### [Problem statement]
Every record needs to be repeated exactly; its pictures do not.

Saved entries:
_____

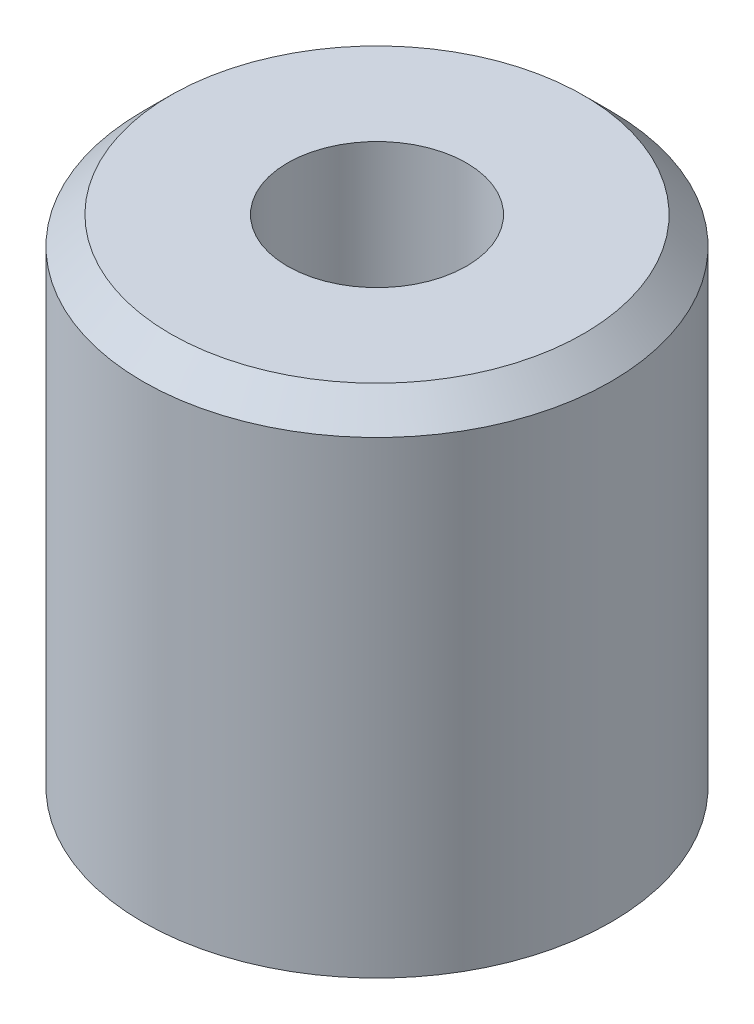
from build123d import *

# Parameters (mm, degrees)
SKICA1_R                 = 8.5
P_IDAT_VYSUNUT_M1_DEPTH  = 18
ZKOSEN_1_SIZE            = 1
SKICA2_R                 = 3.25
ODEBRAT_VYSUNUT_M1_DEPTH = 22.644860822


with BuildPart() as part:
    # Skica1 → P_idat vysunut_m1 (new body)
    with BuildSketch(Plane(origin=(0, 0, 0), x_dir=(1, 0, 0), z_dir=(0, 1, 0))):
        with Locations(Location((0, 0, 0), (0, 0, 270))):
            Circle(SKICA1_R)
    extrude(amount=P_IDAT_VYSUNUT_M1_DEPTH)

    # Zkosen_1
    zkosen_1_edges = [part.edges().sort_by_distance(p)[0] for p in [
        (0, 18, -8.5),
    ]]
    chamfer(zkosen_1_edges, length=ZKOSEN_1_SIZE)

    # Skica2 → Odebrat vysunut_m1 (cut, through all)
    with BuildSketch(Plane(origin=(0, 18, 0), x_dir=(1, 0, 0), z_dir=(0, 1, 0))):
        with Locations(Location((0, 0, 0), (0, 0, 270))):
            Circle(SKICA2_R)
    extrude(amount=-ODEBRAT_VYSUNUT_M1_DEPTH, mode=Mode.SUBTRACT)


solid = part.part

_____

### [Written reply]
from build123d import *

# Parameters (mm, degrees)
SKICA1_R                 = 8.5
P_IDAT_VYSUNUT_M1_DEPTH  = 18
ZKOSEN_1_SIZE            = 1
SKICA2_R                 = 3.25
ODEBRAT_VYSUNUT_M1_DEPTH = 22.644860822


with BuildPart() as part:
    # Skica1 → P_idat vysunut_m1 (new body)
    with BuildSketch(Plane(origin=(0, 0, 0), x_dir=(1, 0, 0), z_dir=(0, 1, 0))):
        with Locations(Location((0, 0, 0), (0, 0, 270))):
            Circle(SKICA1_R)
    extrude(amount=P_IDAT_VYSUNUT_M1_DEPTH)

    # Zkosen_1
    zkosen_1_edges = [part.edges().sort_by_distance(p)[0] for p in [
        (0, 18, -8.5),
    ]]
    chamfer(zkosen_1_edges, length=ZKOSEN_1_SIZE)

    # Skica2 → Odebrat vysunut_m1 (cut, through all)
    with BuildSketch(Plane(origin=(0, 18, 0), x_dir=(1, 0, 0), z_dir=(0, 1, 0))):
        with Locations(Location((0, 0, 0), (0, 0, 270))):
            Circle(SKICA2_R)
    extrude(amount=-ODEBRAT_VYSUNUT_M1_DEPTH, mode=Mode.SUBTRACT)


solid = part.part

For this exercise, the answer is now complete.